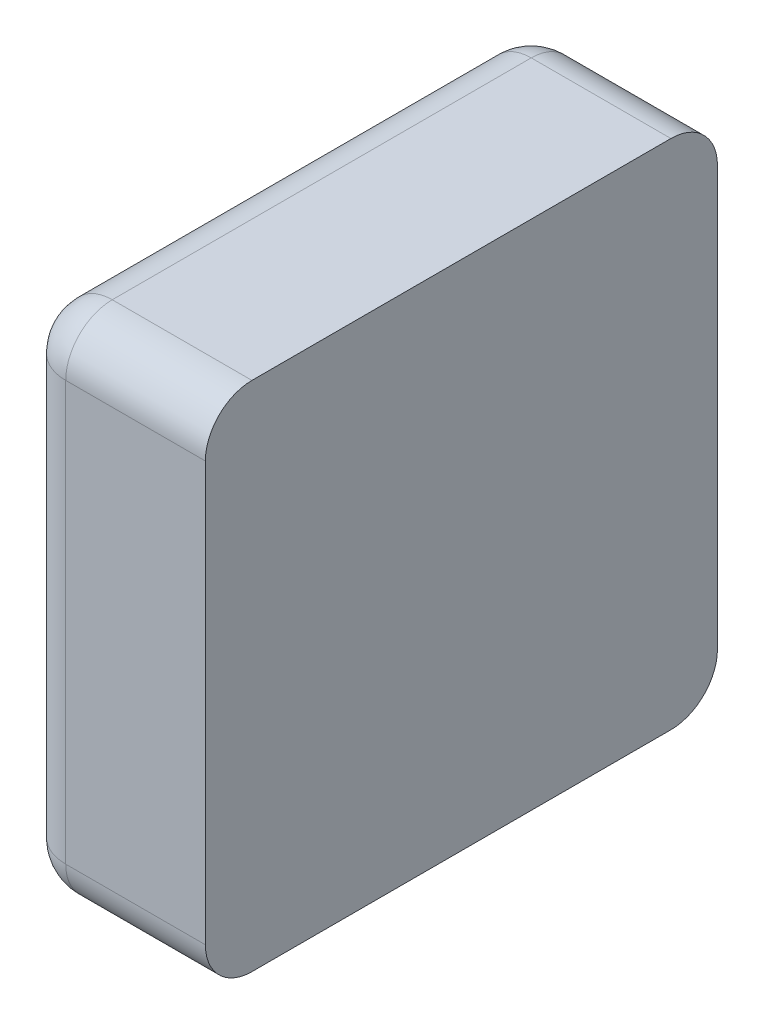
ISO-10303-21;
HEADER;
FILE_DESCRIPTION(('STEP AP214'),'2;1');
FILE_NAME('part.step','',(''),(''),'','','');
FILE_SCHEMA(('AUTOMOTIVE_DESIGN { 1 0 10303 214 1 1 1 1 }'));
ENDSEC;
DATA;
#1=APPLICATION_CONTEXT('core data for automotive mechanical design processes');
#2=APPLICATION_PROTOCOL_DEFINITION('international standard','automotive_design',2000,#1);
#3=PRODUCT_CONTEXT('',#1,'mechanical');
#4=PRODUCT('Part','Part','',(#3));
#5=PRODUCT_RELATED_PRODUCT_CATEGORY('part','',(#4));
#6=PRODUCT_DEFINITION_FORMATION('','',#4);
#7=PRODUCT_DEFINITION_CONTEXT('part definition',#1,'design');
#8=PRODUCT_DEFINITION('design','',#6,#7);
#9=PRODUCT_DEFINITION_SHAPE('','',#8);
#10=(LENGTH_UNIT() NAMED_UNIT(*) SI_UNIT(.MILLI.,.METRE.));
#11=(NAMED_UNIT(*) PLANE_ANGLE_UNIT() SI_UNIT($,.RADIAN.));
#12=(NAMED_UNIT(*) SI_UNIT($,.STERADIAN.) SOLID_ANGLE_UNIT());
#13=UNCERTAINTY_MEASURE_WITH_UNIT(LENGTH_MEASURE(1.E-05),#10,'distance_accuracy_value','');
#14=(GEOMETRIC_REPRESENTATION_CONTEXT(3) GLOBAL_UNCERTAINTY_ASSIGNED_CONTEXT((#13)) GLOBAL_UNIT_ASSIGNED_CONTEXT((#10,
#11,#12)) REPRESENTATION_CONTEXT('',''));
#15=CARTESIAN_POINT('',(0.,0.,0.));
#16=DIRECTION('',(0.,0.,1.));
#17=DIRECTION('',(1.,0.,0.));
#18=AXIS2_PLACEMENT_3D('',#15,#16,#17);
#19=CARTESIAN_POINT('',(0.,0.,0.));
#20=DIRECTION('',(1.,0.,0.));
#21=DIRECTION('',(0.,0.,-1.));
#22=AXIS2_PLACEMENT_3D('',#19,#20,#21);
#23=PLANE('',#22);
#24=DIRECTION('',(0.,0.,1.));
#25=VECTOR('',#24,1.);
#26=CARTESIAN_POINT('',(0.,0.5,0.));
#27=LINE('',#26,#25);
#28=CARTESIAN_POINT('',(0.,0.5,0.05));
#29=VERTEX_POINT('',#28);
#30=CARTESIAN_POINT('',(0.,0.5,0.5));
#31=VERTEX_POINT('',#30);
#32=EDGE_CURVE('E163',#29,#31,#27,.T.);
#33=ORIENTED_EDGE('',*,*,#32,.F.);
#34=DIRECTION('',(0.,1.,0.));
#35=VECTOR('',#34,1.);
#36=CARTESIAN_POINT('',(0.,0.,0.05));
#37=LINE('',#36,#35);
#38=CARTESIAN_POINT('',(0.,0.05,0.05));
#39=VERTEX_POINT('',#38);
#40=EDGE_CURVE('E204',#39,#29,#37,.T.);
#41=ORIENTED_EDGE('',*,*,#40,.F.);
#42=DIRECTION('',(0.,0.,1.));
#43=VECTOR('',#42,1.);
#44=CARTESIAN_POINT('',(0.,0.05,0.));
#45=LINE('',#44,#43);
#46=CARTESIAN_POINT('',(0.,0.05,0.5));
#47=VERTEX_POINT('',#46);
#48=EDGE_CURVE('E205',#47,#39,#45,.F.);
#49=ORIENTED_EDGE('',*,*,#48,.F.);
#50=DIRECTION('',(0.,1.,0.));
#51=VECTOR('',#50,1.);
#52=CARTESIAN_POINT('',(0.,0.,0.5));
#53=LINE('',#52,#51);
#54=EDGE_CURVE('E208',#31,#47,#53,.F.);
#55=ORIENTED_EDGE('',*,*,#54,.F.);
#56=EDGE_LOOP('',(#33,#41,#49,#55));
#57=FACE_BOUND('',#56,.T.);
#58=ADVANCED_FACE('F17',(#57),#23,.F.);
#59=CARTESIAN_POINT('',(0.05,0.05,0.));
#60=DIRECTION('',(0.,0.,1.));
#61=DIRECTION('',(1.,0.,0.));
#62=AXIS2_PLACEMENT_3D('',#59,#60,#61);
#63=CYLINDRICAL_SURFACE('',#62,0.05);
#64=DIRECTION('',(0.,0.,1.));
#65=VECTOR('',#64,1.);
#66=CARTESIAN_POINT('',(0.05,0.,0.));
#67=LINE('',#66,#65);
#68=CARTESIAN_POINT('',(0.05,0.,0.05));
#69=VERTEX_POINT('',#68);
#70=CARTESIAN_POINT('',(0.05,0.,0.500000000000168));
#71=VERTEX_POINT('',#70);
#72=EDGE_CURVE('E273',#69,#71,#67,.T.);
#73=ORIENTED_EDGE('',*,*,#72,.T.);
#74=CARTESIAN_POINT('',(0.05,0.05,0.5));
#75=DIRECTION('',(0.,7.66574547575187E-12,1.));
#76=DIRECTION('',(-1.,0.,0.));
#77=AXIS2_PLACEMENT_3D('',#74,#75,#76);
#78=CIRCLE('',#77,0.05);
#79=EDGE_CURVE('E211',#47,#71,#78,.T.);
#80=ORIENTED_EDGE('',*,*,#79,.F.);
#81=ORIENTED_EDGE('',*,*,#48,.T.);
#82=CARTESIAN_POINT('',(0.05,0.05,0.05));
#83=DIRECTION('',(0.,0.,1.));
#84=DIRECTION('',(-1.,0.,0.));
#85=AXIS2_PLACEMENT_3D('',#82,#83,#84);
#86=CIRCLE('',#85,0.05);
#87=EDGE_CURVE('E201',#69,#39,#86,.F.);
#88=ORIENTED_EDGE('',*,*,#87,.F.);
#89=EDGE_LOOP('',(#73,#80,#81,#88));
#90=FACE_BOUND('',#89,.T.);
#91=ADVANCED_FACE('F194',(#90),#63,.T.);
#92=CARTESIAN_POINT('',(0.05,0.05,0.05));
#93=DIRECTION('',(-1.,0.,0.));
#94=DIRECTION('',(0.,-1.,0.));
#95=AXIS2_PLACEMENT_3D('',#92,#93,#94);
#96=SPHERICAL_SURFACE('',#95,0.05);
#97=CARTESIAN_POINT('',(0.05,0.05,0.05));
#98=DIRECTION('',(1.,0.,0.));
#99=DIRECTION('',(0.,0.,-1.));
#100=AXIS2_PLACEMENT_3D('',#97,#98,#99);
#101=CIRCLE('',#100,0.05);
#102=CARTESIAN_POINT('',(0.05,0.05,0.));
#103=VERTEX_POINT('',#102);
#104=EDGE_CURVE('E73',#69,#103,#101,.T.);
#105=ORIENTED_EDGE('',*,*,#104,.F.);
#106=ORIENTED_EDGE('',*,*,#87,.T.);
#107=CARTESIAN_POINT('',(0.05,0.05,0.05));
#108=DIRECTION('',(0.,1.,0.));
#109=DIRECTION('',(0.,0.,1.));
#110=AXIS2_PLACEMENT_3D('',#107,#108,#109);
#111=CIRCLE('',#110,0.05);
#112=EDGE_CURVE('E224',#103,#39,#111,.T.);
#113=ORIENTED_EDGE('',*,*,#112,.F.);
#114=EDGE_LOOP('',(#105,#106,#113));
#115=FACE_BOUND('',#114,.T.);
#116=ADVANCED_FACE('F190',(#115),#96,.T.);
#117=CARTESIAN_POINT('',(0.05,0.,0.05));
#118=DIRECTION('',(0.,1.,0.));
#119=DIRECTION('',(0.,0.,1.));
#120=AXIS2_PLACEMENT_3D('',#117,#118,#119);
#121=CYLINDRICAL_SURFACE('',#120,0.05);
#122=DIRECTION('',(0.,1.,0.));
#123=VECTOR('',#122,1.);
#124=CARTESIAN_POINT('',(0.05,0.,0.));
#125=LINE('',#124,#123);
#126=CARTESIAN_POINT('',(0.05,0.5,0.));
#127=VERTEX_POINT('',#126);
#128=EDGE_CURVE('E77',#127,#103,#125,.F.);
#129=ORIENTED_EDGE('',*,*,#128,.T.);
#130=ORIENTED_EDGE('',*,*,#112,.T.);
#131=ORIENTED_EDGE('',*,*,#40,.T.);
#132=CARTESIAN_POINT('',(0.05,0.5,0.05));
#133=DIRECTION('',(0.,-1.,0.));
#134=DIRECTION('',(-1.,0.,0.));
#135=AXIS2_PLACEMENT_3D('',#132,#133,#134);
#136=CIRCLE('',#135,0.05);
#137=EDGE_CURVE('E173',#127,#29,#136,.F.);
#138=ORIENTED_EDGE('',*,*,#137,.F.);
#139=EDGE_LOOP('',(#129,#130,#131,#138));
#140=FACE_BOUND('',#139,.T.);
#141=ADVANCED_FACE('F186',(#140),#121,.T.);
#142=CARTESIAN_POINT('',(0.05,0.5,0.05));
#143=DIRECTION('',(-1.,0.,0.));
#144=DIRECTION('',(0.,-1.,0.));
#145=AXIS2_PLACEMENT_3D('',#142,#143,#144);
#146=SPHERICAL_SURFACE('',#145,0.05);
#147=CARTESIAN_POINT('',(0.05,0.5,0.05));
#148=DIRECTION('',(1.,0.,0.));
#149=DIRECTION('',(0.,0.,-1.));
#150=AXIS2_PLACEMENT_3D('',#147,#148,#149);
#151=CIRCLE('',#150,0.05);
#152=CARTESIAN_POINT('',(0.05,0.55,0.05));
#153=VERTEX_POINT('',#152);
#154=EDGE_CURVE('E121',#127,#153,#151,.T.);
#155=ORIENTED_EDGE('',*,*,#154,.F.);
#156=ORIENTED_EDGE('',*,*,#137,.T.);
#157=CARTESIAN_POINT('',(0.05,0.5,0.05));
#158=DIRECTION('',(0.,0.,1.));
#159=DIRECTION('',(1.,0.,0.));
#160=AXIS2_PLACEMENT_3D('',#157,#158,#159);
#161=CIRCLE('',#160,0.05);
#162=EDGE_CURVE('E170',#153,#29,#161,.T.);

---*---

Repeat, word for word, the lines above between the line holding "#132=CARTESIAN_POINT('',(0.05,0.5,0.05));" and the line holding "#145=AXIS2_PLACEMENT_3D('',#142,#143,#144);", inclusive; omit everything else.

TASK SOLUTION>
#132=CARTESIAN_POINT('',(0.05,0.5,0.05));
#133=DIRECTION('',(0.,-1.,0.));
#134=DIRECTION('',(-1.,0.,0.));
#135=AXIS2_PLACEMENT_3D('',#132,#133,#134);
#136=CIRCLE('',#135,0.05);
#137=EDGE_CURVE('E173',#127,#29,#136,.F.);
#138=ORIENTED_EDGE('',*,*,#137,.F.);
#139=EDGE_LOOP('',(#129,#130,#131,#138));
#140=FACE_BOUND('',#139,.T.);
#141=ADVANCED_FACE('F186',(#140),#121,.T.);
#142=CARTESIAN_POINT('',(0.05,0.5,0.05));
#143=DIRECTION('',(-1.,0.,0.));
#144=DIRECTION('',(0.,-1.,0.));
#145=AXIS2_PLACEMENT_3D('',#142,#143,#144);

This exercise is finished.